Transparency also needs to come from any vendor through an explanation of how their solution works. Transportation agencies need to understand what data is being used to ensure the outcomes are reliable and equitable.
- Equity: To achieve equitable output from AI initiatives, data quality needs to be equitable from the beginning, purposefully and adequately representing all users of transportation projects.
- Human oversight: AI will serve agencies and their constituents effectively only if its applications are filtered through the human perspective. AI is a powerful tool in the industry’s tool belt, but users and overseers must evaluate projects and outputs to be sure AI is delivering actionable insights or high-value solutions to real and pressing transportation challenges. People utilizing AI are responsible and accountable for the work product it develops.
Guidance for AI Use
Successful decision-making around AI demands a foundational understanding of what it is and how its capabilities can serve transportation organizations and their constituents. To advance the discussion around the implementation of AI, the federal government has developed AI guidelines and a website for federal agencies to share how they are using AI.

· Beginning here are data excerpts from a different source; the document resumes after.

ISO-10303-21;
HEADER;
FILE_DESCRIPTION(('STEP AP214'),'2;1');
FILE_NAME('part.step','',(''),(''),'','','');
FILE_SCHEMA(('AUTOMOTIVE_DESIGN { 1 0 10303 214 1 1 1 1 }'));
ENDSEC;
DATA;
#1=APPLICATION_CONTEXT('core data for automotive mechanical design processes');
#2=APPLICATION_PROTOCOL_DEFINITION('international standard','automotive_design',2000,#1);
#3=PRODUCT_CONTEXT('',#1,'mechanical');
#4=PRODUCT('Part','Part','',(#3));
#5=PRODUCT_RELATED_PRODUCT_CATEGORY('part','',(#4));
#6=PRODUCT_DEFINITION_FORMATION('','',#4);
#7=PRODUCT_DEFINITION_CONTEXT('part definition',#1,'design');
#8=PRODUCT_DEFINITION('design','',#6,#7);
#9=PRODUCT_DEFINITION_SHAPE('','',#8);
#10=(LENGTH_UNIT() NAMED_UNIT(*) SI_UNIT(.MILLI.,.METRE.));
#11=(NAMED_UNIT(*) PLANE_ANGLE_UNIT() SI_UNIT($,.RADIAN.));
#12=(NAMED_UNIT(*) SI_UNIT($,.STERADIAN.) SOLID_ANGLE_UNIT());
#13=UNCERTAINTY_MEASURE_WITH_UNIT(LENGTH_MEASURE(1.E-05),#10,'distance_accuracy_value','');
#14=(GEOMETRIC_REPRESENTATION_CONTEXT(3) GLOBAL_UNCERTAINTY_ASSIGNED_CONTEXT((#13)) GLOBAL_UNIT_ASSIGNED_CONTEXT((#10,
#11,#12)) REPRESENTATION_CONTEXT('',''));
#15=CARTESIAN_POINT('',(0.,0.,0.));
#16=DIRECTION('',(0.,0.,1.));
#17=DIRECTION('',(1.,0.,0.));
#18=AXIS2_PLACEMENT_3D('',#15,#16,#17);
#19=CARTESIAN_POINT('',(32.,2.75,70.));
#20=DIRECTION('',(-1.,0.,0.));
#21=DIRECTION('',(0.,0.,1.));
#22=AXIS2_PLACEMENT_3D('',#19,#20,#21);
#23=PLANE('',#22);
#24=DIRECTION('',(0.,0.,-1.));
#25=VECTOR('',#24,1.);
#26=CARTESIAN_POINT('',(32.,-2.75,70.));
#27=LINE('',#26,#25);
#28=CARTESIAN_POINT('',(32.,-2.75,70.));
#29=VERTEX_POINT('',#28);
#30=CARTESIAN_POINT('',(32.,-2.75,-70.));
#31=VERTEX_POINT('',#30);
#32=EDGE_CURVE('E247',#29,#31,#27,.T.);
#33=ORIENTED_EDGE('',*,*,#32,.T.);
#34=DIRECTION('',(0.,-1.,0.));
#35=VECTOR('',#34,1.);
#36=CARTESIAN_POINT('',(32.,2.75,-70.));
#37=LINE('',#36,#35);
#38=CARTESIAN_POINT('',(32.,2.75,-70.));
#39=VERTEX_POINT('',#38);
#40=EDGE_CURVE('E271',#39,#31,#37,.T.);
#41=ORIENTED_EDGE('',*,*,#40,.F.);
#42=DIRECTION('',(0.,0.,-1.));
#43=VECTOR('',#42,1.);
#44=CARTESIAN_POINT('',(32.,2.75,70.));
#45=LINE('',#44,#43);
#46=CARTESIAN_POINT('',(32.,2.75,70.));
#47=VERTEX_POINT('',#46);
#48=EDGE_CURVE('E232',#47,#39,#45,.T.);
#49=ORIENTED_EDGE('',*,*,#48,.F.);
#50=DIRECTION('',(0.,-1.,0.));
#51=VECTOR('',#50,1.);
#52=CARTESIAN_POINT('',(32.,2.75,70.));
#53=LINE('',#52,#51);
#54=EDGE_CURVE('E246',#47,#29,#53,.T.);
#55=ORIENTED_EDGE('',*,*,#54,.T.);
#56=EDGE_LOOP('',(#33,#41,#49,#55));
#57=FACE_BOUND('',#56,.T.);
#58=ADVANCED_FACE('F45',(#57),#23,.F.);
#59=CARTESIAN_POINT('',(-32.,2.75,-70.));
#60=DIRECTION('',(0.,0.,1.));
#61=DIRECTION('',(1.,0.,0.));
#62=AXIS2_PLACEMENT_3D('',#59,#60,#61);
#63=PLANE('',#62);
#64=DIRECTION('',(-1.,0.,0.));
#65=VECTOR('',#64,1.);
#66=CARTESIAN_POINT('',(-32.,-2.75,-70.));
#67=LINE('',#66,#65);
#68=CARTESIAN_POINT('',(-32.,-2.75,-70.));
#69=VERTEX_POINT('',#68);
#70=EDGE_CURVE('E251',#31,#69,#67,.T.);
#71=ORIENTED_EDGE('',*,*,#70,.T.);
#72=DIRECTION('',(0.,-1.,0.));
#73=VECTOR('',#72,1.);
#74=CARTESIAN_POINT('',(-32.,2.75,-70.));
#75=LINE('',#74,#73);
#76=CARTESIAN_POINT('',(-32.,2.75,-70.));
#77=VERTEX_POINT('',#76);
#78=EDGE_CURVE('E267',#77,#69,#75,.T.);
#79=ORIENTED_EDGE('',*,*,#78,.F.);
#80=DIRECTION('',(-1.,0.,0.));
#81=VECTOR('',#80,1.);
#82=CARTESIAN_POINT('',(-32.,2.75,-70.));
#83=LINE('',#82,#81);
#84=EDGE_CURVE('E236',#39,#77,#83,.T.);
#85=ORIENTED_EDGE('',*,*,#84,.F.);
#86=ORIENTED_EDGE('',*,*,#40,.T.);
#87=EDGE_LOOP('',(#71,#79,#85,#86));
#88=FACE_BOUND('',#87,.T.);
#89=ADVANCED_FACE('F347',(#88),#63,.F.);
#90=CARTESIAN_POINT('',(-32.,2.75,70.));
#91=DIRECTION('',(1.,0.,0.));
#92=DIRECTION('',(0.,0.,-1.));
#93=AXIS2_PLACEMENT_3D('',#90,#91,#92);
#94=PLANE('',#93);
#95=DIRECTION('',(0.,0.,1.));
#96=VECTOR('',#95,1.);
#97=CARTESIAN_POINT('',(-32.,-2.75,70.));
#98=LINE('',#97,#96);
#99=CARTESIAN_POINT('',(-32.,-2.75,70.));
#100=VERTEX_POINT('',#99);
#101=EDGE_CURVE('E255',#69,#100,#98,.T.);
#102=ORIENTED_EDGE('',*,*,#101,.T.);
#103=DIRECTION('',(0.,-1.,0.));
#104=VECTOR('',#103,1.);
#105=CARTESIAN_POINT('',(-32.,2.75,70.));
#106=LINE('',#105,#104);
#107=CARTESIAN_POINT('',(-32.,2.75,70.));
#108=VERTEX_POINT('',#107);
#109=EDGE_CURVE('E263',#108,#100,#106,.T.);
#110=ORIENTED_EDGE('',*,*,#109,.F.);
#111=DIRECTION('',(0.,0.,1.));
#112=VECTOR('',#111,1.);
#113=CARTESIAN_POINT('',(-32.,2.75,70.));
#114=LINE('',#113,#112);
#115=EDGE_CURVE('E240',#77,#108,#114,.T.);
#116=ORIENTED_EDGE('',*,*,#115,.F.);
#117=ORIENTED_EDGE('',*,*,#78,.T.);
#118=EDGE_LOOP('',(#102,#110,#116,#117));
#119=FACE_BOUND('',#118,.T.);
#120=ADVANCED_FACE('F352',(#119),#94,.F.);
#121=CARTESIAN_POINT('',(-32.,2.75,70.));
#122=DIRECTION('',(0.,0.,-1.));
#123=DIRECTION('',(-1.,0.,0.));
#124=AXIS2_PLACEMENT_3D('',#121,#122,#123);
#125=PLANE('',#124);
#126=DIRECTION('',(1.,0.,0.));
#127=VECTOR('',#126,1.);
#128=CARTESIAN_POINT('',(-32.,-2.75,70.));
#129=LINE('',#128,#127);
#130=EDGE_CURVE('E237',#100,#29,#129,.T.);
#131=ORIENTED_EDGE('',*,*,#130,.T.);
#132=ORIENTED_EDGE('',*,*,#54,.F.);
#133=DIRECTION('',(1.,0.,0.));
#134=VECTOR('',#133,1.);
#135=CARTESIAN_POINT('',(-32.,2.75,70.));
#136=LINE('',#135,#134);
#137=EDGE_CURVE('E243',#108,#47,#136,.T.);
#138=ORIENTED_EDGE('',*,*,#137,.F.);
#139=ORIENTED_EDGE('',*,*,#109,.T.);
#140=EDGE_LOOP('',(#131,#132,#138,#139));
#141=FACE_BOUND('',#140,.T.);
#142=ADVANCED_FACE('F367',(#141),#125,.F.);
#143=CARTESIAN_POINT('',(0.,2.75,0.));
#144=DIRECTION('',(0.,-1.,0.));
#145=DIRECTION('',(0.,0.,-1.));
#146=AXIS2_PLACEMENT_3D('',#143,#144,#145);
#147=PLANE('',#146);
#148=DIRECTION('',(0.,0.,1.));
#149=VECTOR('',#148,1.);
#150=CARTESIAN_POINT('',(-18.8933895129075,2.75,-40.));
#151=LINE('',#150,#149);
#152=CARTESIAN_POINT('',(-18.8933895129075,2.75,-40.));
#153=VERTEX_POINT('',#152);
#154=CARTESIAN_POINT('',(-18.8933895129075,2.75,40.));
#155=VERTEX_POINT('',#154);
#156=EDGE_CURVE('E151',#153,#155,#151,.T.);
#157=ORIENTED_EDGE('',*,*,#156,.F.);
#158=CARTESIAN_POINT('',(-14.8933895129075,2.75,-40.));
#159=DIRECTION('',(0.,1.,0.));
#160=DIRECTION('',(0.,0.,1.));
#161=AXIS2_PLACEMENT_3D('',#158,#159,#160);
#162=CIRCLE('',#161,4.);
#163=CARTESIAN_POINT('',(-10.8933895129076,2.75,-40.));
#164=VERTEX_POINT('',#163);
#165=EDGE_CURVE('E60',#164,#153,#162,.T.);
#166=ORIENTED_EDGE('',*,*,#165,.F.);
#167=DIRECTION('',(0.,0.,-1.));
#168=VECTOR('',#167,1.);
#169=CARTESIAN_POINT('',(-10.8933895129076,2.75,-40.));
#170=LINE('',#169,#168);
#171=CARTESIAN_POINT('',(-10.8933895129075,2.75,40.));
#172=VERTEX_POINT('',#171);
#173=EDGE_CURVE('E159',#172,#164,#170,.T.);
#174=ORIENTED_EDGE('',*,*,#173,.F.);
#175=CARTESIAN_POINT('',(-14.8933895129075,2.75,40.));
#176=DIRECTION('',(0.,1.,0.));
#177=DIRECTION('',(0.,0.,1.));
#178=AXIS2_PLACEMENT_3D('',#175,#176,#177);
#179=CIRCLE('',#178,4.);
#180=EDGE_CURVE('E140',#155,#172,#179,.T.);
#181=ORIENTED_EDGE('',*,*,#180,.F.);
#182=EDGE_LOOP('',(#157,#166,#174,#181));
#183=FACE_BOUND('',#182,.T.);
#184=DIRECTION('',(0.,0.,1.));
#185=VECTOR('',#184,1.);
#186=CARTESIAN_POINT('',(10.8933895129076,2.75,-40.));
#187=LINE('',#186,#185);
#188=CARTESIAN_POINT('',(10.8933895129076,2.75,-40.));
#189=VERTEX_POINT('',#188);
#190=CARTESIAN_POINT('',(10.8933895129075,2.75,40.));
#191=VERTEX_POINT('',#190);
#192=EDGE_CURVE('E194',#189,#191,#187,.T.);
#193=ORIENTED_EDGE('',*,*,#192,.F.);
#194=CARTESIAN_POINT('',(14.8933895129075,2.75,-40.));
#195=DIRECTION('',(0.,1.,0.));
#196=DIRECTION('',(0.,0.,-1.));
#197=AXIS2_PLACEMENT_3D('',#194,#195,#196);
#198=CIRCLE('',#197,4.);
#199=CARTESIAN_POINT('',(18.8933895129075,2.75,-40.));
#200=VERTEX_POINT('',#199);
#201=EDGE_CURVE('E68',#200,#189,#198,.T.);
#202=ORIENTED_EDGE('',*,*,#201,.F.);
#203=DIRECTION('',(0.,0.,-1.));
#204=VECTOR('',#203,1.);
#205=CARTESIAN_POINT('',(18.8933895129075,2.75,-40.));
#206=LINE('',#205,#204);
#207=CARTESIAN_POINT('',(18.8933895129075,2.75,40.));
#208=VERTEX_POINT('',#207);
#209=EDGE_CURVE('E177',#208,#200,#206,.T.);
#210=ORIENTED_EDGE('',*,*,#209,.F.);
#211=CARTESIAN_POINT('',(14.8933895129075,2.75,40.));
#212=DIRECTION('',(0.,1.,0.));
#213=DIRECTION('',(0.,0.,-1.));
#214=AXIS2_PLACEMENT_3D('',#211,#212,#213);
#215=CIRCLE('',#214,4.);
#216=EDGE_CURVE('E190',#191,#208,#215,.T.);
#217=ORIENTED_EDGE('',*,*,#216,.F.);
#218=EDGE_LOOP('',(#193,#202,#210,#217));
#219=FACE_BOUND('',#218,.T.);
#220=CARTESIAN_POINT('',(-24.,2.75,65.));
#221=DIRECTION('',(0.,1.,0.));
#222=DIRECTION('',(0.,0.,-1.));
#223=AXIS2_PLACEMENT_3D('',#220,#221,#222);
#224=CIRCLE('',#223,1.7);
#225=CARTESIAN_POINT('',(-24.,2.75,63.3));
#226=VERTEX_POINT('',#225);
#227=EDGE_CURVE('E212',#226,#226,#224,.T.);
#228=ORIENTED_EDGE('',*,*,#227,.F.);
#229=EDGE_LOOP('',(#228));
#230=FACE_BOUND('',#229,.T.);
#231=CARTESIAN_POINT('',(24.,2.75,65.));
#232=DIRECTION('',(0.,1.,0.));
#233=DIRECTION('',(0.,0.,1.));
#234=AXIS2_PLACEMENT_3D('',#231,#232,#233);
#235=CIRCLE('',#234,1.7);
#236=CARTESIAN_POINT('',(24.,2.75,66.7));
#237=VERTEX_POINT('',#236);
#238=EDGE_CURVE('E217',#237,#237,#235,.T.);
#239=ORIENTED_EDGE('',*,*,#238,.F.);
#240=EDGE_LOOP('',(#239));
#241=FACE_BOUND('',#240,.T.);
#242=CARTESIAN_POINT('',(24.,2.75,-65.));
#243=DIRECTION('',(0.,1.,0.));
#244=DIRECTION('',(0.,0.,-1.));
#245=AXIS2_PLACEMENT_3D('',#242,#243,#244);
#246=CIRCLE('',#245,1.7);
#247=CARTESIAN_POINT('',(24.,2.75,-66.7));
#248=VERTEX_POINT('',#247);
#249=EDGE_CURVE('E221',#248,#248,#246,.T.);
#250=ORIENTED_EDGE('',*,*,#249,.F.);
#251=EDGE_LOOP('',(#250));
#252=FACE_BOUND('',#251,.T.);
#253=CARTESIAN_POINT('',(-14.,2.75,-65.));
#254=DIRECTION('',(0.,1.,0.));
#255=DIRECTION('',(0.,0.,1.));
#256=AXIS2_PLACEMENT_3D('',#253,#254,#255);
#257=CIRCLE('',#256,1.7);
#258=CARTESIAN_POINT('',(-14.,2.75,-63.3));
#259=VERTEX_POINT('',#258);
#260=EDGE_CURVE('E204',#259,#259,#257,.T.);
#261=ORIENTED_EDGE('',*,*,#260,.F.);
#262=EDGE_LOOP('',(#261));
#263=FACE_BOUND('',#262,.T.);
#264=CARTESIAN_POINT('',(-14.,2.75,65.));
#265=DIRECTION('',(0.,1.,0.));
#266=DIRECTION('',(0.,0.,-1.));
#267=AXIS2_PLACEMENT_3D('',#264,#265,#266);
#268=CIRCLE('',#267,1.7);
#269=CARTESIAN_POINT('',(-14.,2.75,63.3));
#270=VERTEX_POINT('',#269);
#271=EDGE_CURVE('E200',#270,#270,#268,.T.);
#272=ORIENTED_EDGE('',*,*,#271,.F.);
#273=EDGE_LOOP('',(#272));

This information sharing on a national level accelerates opportunities for others to understand best practices and avoid pitfalls.
Collaboration between public and private sectors — partnerships with academic institutions, tech companies and public agencies — also can help accelerate innovative solutions and then distribute the necessary expertise that is crucial for the success of AI in transportation.
Implementation of AI is a complex journey. With a laser focus on learning, policy and strategy, transportation agencies can navigate the path to successful AI implementation, leading to a smarter, more equitable and safer transportation system for all. RB
Sherry Kish, Esq., is a National Practice Consultant for HNTB.